** Opening Given records block **

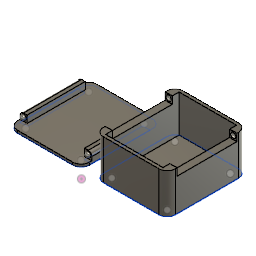
BaseBox v2 (Autodesk Fusion 360 design; units mm, degrees)
Autodesk Fusion 360 part; units mm, degrees
form "Form1" [no effect]
sketch "Bases" plane through (0, 0, 0) normal (0, 1, 0) x (1, 0, 0)
  line L0 (6.9598, 3.7095) -> (33.7098, 3.7095)
  line L1 (37.7098, 7.7095) -> (37.7098, 38.2095)
  line L2 (33.7098, 42.2095) -> (6.9598, 42.2095)
  line L3 (2.9598, 38.2095) -> (2.9598, 7.7095)
  arc A0 (6.9598, 42.2095) -> (2.9598, 38.2095) centre (6.9598, 38.2095) ccw
  arc A1 (37.7098, 38.2095) -> (33.7098, 42.2095) centre (33.7098, 38.2095) ccw
  arc A2 (33.7098, 3.7095) -> (37.7098, 7.7095) centre (33.7098, 7.7095) ccw
  arc A3 (2.9598, 7.7095) -> (6.9598, 3.7095) centre (6.9598, 7.7095) ccw
  arc A4 (2.9598, 7.7095) -> (6.9598, 3.7095) centre (6.9598, 7.7095) ccw
  arc A5 (33.7098, 3.7095) -> (37.7098, 7.7095) centre (33.7098, 7.7095) ccw
  line L4 (2.9598, 38.2095) -> (2.9598, 7.7095)
  line L5 (37.7098, 7.7095) -> (37.7098, 38.2095)
  line L6 (6.9598, 3.7095) -> (33.7098, 3.7095)
  arc A6 (6.9598, 42.2095) -> (2.9598, 38.2095) centre (6.9598, 38.2095) ccw
  line L7 (33.7098, 42.2095) -> (6.9598, 42.2095)
  arc A7 (37.7098, 38.2095) -> (33.7098, 42.2095) centre (33.7098, 38.2095) ccw
  line L8 (-38.5963, 38.1657) -> (-38.5963, 7.6657)
  arc A8 (-7.8463, 3.6657) -> (-3.8463, 7.6657) centre (-7.8463, 7.6657) ccw
  line L9 (-34.5963, 3.6657) -> (-7.8463, 3.6657)
  line L10 (-7.8463, 42.1657) -> (-34.5963, 42.1657)
  arc A9 (-34.5963, 42.1657) -> (-38.5963, 38.1657) centre (-34.5963, 38.1657) ccw
  arc A10 (-3.8463, 38.1657) -> (-7.8463, 42.1657) centre (-7.8463, 38.1657) ccw
  arc A11 (-38.5963, 7.6657) -> (-34.5963, 3.6657) centre (-34.5963, 7.6657) ccw
  line L11 (-3.8463, 7.6657) -> (-3.8463, 38.1657)
  line L12 (-38.5963, 36.9657) -> (-35.0963, 36.9657)
  line L13 (-35.0963, 36.9657) -> (-35.0963, 8.8657)
  line L14 (-35.0963, 8.8657) -> (-38.5963, 8.8657)
  line L15 (-38.5963, 8.8657) -> (-38.5963, 36.9657)
  line L16 (-3.8463, 36.9657) -> (-7.3463, 36.9657)
  line L17 (-7.3463, 36.9657) -> (-7.3463, 8.8657)
  line L18 (-7.3463, 8.8657) -> (-3.8463, 8.8657)
  line L19 (-3.8463, 8.8657) -> (-3.8463, 36.9657)
  dimension "d14" = 4
  dimension "d15" = 4
  dimension "d16" = 38.5
  dimension "d18" = 34.75
  dimension "d31" = 4
  dimension "d32" = 4
  dimension "d33" = 38.5
  dimension "d34" = 34.75
  dimension "d35" = 4
  dimension "d36" = 4
  dimension "d37" = 38.5
  dimension "d38" = 34.75
  dimension "d45" = 28.1
  dimension "d46" = 3.5
  dimension "d47" = 3.5
  measures "d14" radius of A0
  measures "d15" radius of A1
  measures "d16" distance of L0 L2
  measures "d18" distance of L1 L3
  measures "d31" radius of A6
  measures "d32" radius of A7
  measures "d33" distance of L6 L7
  measures "d34" distance of L4 L5
  measures "d35" radius of A9
  measures "d36" radius of A10
  measures "d37" distance of L9 L10
  measures "d38" distance of L8 L11
  measures "d45" distance of origin
extrude "Extrude1" add sketch "Bases" along normal blind 19.25 contours L0 L1 L2 L3 A0 A1 A2 A3 A4 A5 L4 L5 L6 A6 L7 A7 makes body 1
sketch "TopBox" plane through (0, 19.25, 0) normal (0, 1, 0) x (-1, 0, 0)
  arc A0 (-2.9598, -7.7095) -> (-6.9598, -3.7095) centre (-6.9598, -7.7095) ccw
  line L0 (-6.9598, -3.7095) -> (-33.7098, -3.7095)
  arc A1 (-33.7098, -3.7095) -> (-37.7098, -7.7095) centre (-33.7098, -7.7095) ccw
  line L1 (-37.7098, -7.7095) -> (-37.7098, -38.2095)
  arc A2 (-37.7098, -38.2095) -> (-33.7098, -42.2095) centre (-33.7098, -38.2095) ccw
  line L2 (-33.7098, -42.2095) -> (-6.9598, -42.2095)
  arc A3 (-6.9598, -42.2095) -> (-2.9598, -38.2095) centre (-6.9598, -38.2095) ccw
  line L3 (-2.9598, -38.2095) -> (-2.9598, -7.7095)
  line L4 (-6.4598, -5.2095) -> (-34.2098, -5.2095)
  line L5 (-34.2098, -5.2095) -> (-34.2098, -40.7095)
  line L6 (-34.2098, -40.7095) -> (-6.4598, -40.7095)
  line L7 (-6.4598, -40.7095) -> (-6.4598, -5.2095)
  line L8 (-2.9598, -37.4095) -> (-6.4598, -37.4095)
  line L9 (-6.4598, -37.4095) -> (-6.4598, -8.5095)
  line L10 (-6.4598, -8.5095) -> (-2.9598, -8.5095)
  line L11 (-2.9598, -8.5095) -> (-2.9598, -37.4095)
  line L12 (-34.2098, -37.4095) -> (-37.7098, -37.4095)
  line L13 (-37.7098, -37.4095) -> (-37.7098, -8.5095)
  line L14 (-37.7098, -8.5095) -> (-34.2098, -8.5095)
  line L15 (-34.2098, -8.5095) -> (-34.2098, -37.4095)
  dimension "d22" = 35.5
  dimension "d23" = 27.75
  dimension "d24" = 1.5
  dimension "d25" = 3.5
  dimension "d28" = 28.9
  measures "d24" distance of L0 L4
  measures "d25" distance of L3 L7
extrude "Extrude2" cut sketch "TopBox" against normal blind 18 contours L4 L5 L6 L7 L9 L15 bodies 1
extrude "Extrude3" cut sketch "TopBox" against normal blind 3.5 contours L3 L7 L8 L9 L10 L11 | L1 L5 L12 L13 L14 L15 bodies 1
extrude "Extrude4" add sketch "Bases" along normal blind 1.25 separate body contours L8 A8 L9 L10 A9 A10 A11 L11 L12 L13 L14 L16 L17 L18 | L8 L12 L13 L14 L15 | L11 L16 L17 L18 L19 makes body 2
extrude "Extrude5" add sketch "Bases" along normal blind 4.75 contours L8 L12 L13 L14 L15 | L11 L16 L17 L18 L19 bodies 2
fillet "Fillet1" radius 1.75 1 edges at (-3.8463, 4.75, -22.9157) on bodies 2
fillet "Fillet1" radius 1.75 1 edges at (-38.5963, 4.75, -22.9157) on bodies 2
sphere "SpherePrimitive2" cut diameter 2.5 placed x (1, 0, 0) y (0, 1, 0) z (0, 0, 1) at (35.9598, 17.5, -37.4095) bodies 1
pattern_linear "R-Pattern1" count 2 spacing 28.9 along (0, 0, 1) count 2 spacing 31.25 along (-1, 0, 0) of "SpherePrimitive2"
sphere "SpherePrimitive7" add diameter 2.5 placed x (-1, 0, 0) y (0, 1, 0) z (0, 0, -1) at (-5.5963, 3, -36.9657) bodies 2
pattern_linear "R-Pattern2" count 2 spacing 28.1 along (0, 0, 1) count 2 spacing 31.25 along (-1, 0, 0) of "SpherePrimitive7"
sketch "CutSpheres" plane through (0, 1.25, 0) normal (0, 1, 0) x (-1, 0, 0)
  line L0 (7.3463, -36.9657) -> (3.8463, -36.9657)
  line L1 (3.8463, -36.9657) -> (3.8463, -38.1657)
  arc A0 (3.8463, -38.1657) -> (7.8463, -42.1657) centre (7.8463, -38.1657) ccw
  line L2 (7.8463, -42.1657) -> (34.5963, -42.1657)
  arc A1 (34.5963, -42.1657) -> (38.5963, -38.1657) centre (34.5963, -38.1657) ccw
  line L3 (38.5963, -38.1657) -> (38.5963, -36.9657)
  line L4 (38.5963, -36.9657) -> (35.0963, -36.9657)
  line L5 (35.0963, -36.9657) -> (35.0963, -8.8657)
  line L6 (35.0963, -8.8657) -> (38.5963, -8.8657)
  line L7 (38.5963, -8.8657) -> (38.5963, -7.6657)
  arc A2 (38.5963, -7.6657) -> (34.5963, -3.6657) centre (34.5963, -7.6657) ccw
  line L8 (34.5963, -3.6657) -> (7.8463, -3.6657)
  arc A3 (7.8463, -3.6657) -> (3.8463, -7.6657) centre (7.8463, -7.6657) ccw
  line L9 (3.8463, -7.6657) -> (3.8463, -8.8657)
  line L10 (3.8463, -8.8657) -> (7.3463, -8.8657)
  line L11 (7.3463, -8.8657) -> (7.3463, -36.9657)
  line L12 (6.8463, -38.2157) -> (4.3463, -38.2157)
  line L13 (4.3463, -38.2157) -> (4.3463, -37.5157)
  line L14 (4.3463, -37.5157) -> (6.8463, -37.5157)
  line L15 (6.8463, -37.5157) -> (6.8463, -38.2157)
  line L16 (3.8463, -7.6657) -> (3.8463, -38.1657)
  line L17 (3.8463, -36.9657) -> (7.3463, -36.9657)
  line L18 (6.8463, -8.3157) -> (4.3463, -8.3157)
  line L19 (4.3463, -8.3157) -> (4.3463, -7.6157)
  line L20 (4.3463, -7.6157) -> (6.8463, -7.6157)
  line L21 (6.8463, -7.6157) -> (6.8463, -8.3157)
  line L22 (38.0963, -8.3157) -> (35.5963, -8.3157)
  line L23 (35.5963, -8.3157) -> (35.5963, -7.6157)
  line L24 (35.5963, -7.6157) -> (38.0963, -7.6157)
  line L25 (38.0963, -7.6157) -> (38.0963, -8.3157)
  line L26 (38.0963, -38.2157) -> (35.5963, -38.2157)
  line L27 (35.5963, -38.2157) -> (35.5963, -37.5157)
  line L28 (35.5963, -37.5157) -> (38.0963, -37.5157)
  line L29 (38.0963, -37.5157) -> (38.0963, -38.2157)
  line L30 (7.3463, -8.8657) -> (3.8463, -8.8657)
  line L31 (35.0963, -8.8657) -> (38.5963, -8.8657)
  line L32 (38.5963, -36.9657) -> (35.0963, -36.9657)
  line L33 (38.5963, -38.1657) -> (38.5963, -7.6657)
  dimension "d71" = 0.5
  dimension "d72" = 2.5
  dimension "d73" = 0.55
  dimension "d74" = 0.7
  dimension "d77" = 0.55
  dimension "d78" = 0.55
  dimension "d79" = 0.55
  dimension "d80" = 0.7
  dimension "d81" = 0.7
  dimension "d82" = 0.7
  dimension "d83" = 0.5
  dimension "d84" = 0.5
  dimension "d85" = 0.5
  dimension "d86" = 2.5
  dimension "d87" = 2.5
  dimension "d88" = 2.5
  measures "d71" distance of L13 L16
  measures "d73" distance of L14 L17
  measures "d77" distance of L18 L30
  measures "d78" distance of L22 L31
  measures "d79" distance of L28 L32
  measures "d83" distance of L16 L19
  measures "d84" distance of L25 L33
  measures "d85" distance of L29 L33
extrude "Extrude6" [rolled back] along distance 3 taper angle 0
equation "_width = 35.5 mm" comment "width of the box (affects the length of the hinges)"
equation "_length = 27.75 mm" comment "length of the box"
equation "_height = 18 mm" comment "height of the box"
equation "_rounding = 4 mm" comment "rounding radius of the corners of the box"
equation "_minimumWallThickness = 0.5 mm" comment "thickness of the walls around the magnets"
equation "_sidewallThickness = 1.5 mm" comment "thickness of the side walls without the hinge"
equation "_horizontalThickness = 1.25 mm" comment "thickness of the bottom of the box or the top of the lid"
equation "_magnetDiameter = 2.5 mm" comment "diameter of magnets in the hinge"
equation "_magnetHeight = 1 mm" comment "height magnets in the hinge"
equation "_hingeGap = 0.4 mm" comment "gap bewteen the lid and box parts"
equation "_hingeOverlap = 0.15 mm" comment "Size of lid's spheres that go into box holes"
equation "d14 = _rounding"
equation "d15 = _rounding"
equation "d16 = _width + 2 * _sidewallThickness"
equation "d18 = _length + 4 * _minimumWallThickness + 2 * _magnetDiameter"
equation "d20 = _height + _horizontalThickness"
equation "d22 = _width"
equation "d23 = _length"
equation "d24 = _sidewallThickness"
equation "d25 = 2 * _minimumWallThickness + _magnetDiameter"
equation "d26 = -_height"
equation "d28 = _width + 2 * _sidewallThickness - 2 * _rounding - 2 * _magnetHeight + _hingeGap"
equation "d29 = -_magnetDiameter - 2 * _minimumWallThickness"
equation "d31 = _rounding"
equation "d32 = _rounding"
equation "d33 = _width + 2 * _sidewallThickness"
equation "d34 = _length + 4 * _minimumWallThickness + 2 * _magnetDiameter"
equation "d35 = _rounding"
equation "d36 = _rounding"
equation "d37 = _width + 2 * _sidewallThickness"
equation "d38 = _length + 4 * _minimumWallThickness + 2 * _magnetDiameter"
equation "d43 = _horizontalThickness"
equation "d45 = _width + 2 * _sidewallThickness - 2 * _rounding - 2 * _magnetHeight - _hingeGap"
equation "d46 = _magnetDiameter + 2 * _minimumWallThickness"
equation "d47 = _magnetDiameter + 2 * _minimumWallThickness"
equation "d48 = _horizontalThickness + _magnetDiameter + 2 * _minimumWallThickness"
equation "d50 = ( _magnetDiameter + 2 * _minimumWallThickness ) / 2"
equation "d51 = ( _magnetDiameter + 2 * _minimumWallThickness ) / 2"
equation "d53 = _magnetDiameter"
equation "d59 = _width + 2 * _sidewallThickness - 2 * _rounding - 2 * _magnetHeight + _hingeGap"
equation "d60 = -_length - _magnetDiameter - 2 * _minimumWallThickness"
equation "d64 = _width + 2 * _sidewallThickness - 2 * _rounding - 2 * _magnetHeight - _hingeGap"
equation "d65 = -_length - _magnetDiameter - 2 * _minimumWallThickness"
equation "d71 = _minimumWallThickness"
equation "d72 = _magnetDiameter"
equation "d73 = _hingeGap + _hingeOverlap"
equation "d74 = _magnetDiameter / 2 - _hingeGap - _hingeOverlap"
equation "d75 = _minimumWallThickness + _magnetDiameter"
equation "d77 = _hingeGap + _hingeOverlap"
equation "d78 = _hingeGap + _hingeOverlap"
equation "d79 = _hingeGap + _hingeOverlap"
equation "d80 = _magnetDiameter / 2 - _hingeGap - _hingeOverlap"
equation "d81 = _magnetDiameter / 2 - _hingeGap - _hingeOverlap"
equation "d82 = _magnetDiameter / 2 - _hingeGap - _hingeOverlap"
equation "d83 = _minimumWallThickness"
equation "d84 = _minimumWallThickness"
equation "d85 = _minimumWallThickness"
equation "d86 = _magnetDiameter"
equation "d87 = _magnetDiameter"
equation "d88 = _magnetDiameter"
equation "d89 = _magnetDiameter"

** Closing Given records block **

◆ Aim of the exercise ◆
Look above for the line containing "line L2 (-33.7098, -42.2095)". Output from there through the line containing "line L4 (-6.4598, -5.2095)", exactly and inclusively.

◆ Solved problem ◆
  line L2 (-33.7098, -42.2095) -> (-6.9598, -42.2095)
  arc A3 (-6.9598, -42.2095) -> (-2.9598, -38.2095) centre (-6.9598, -38.2095) ccw
  line L3 (-2.9598, -38.2095) -> (-2.9598, -7.7095)
  line L4 (-6.4598, -5.2095) -> (-34.2098, -5.2095)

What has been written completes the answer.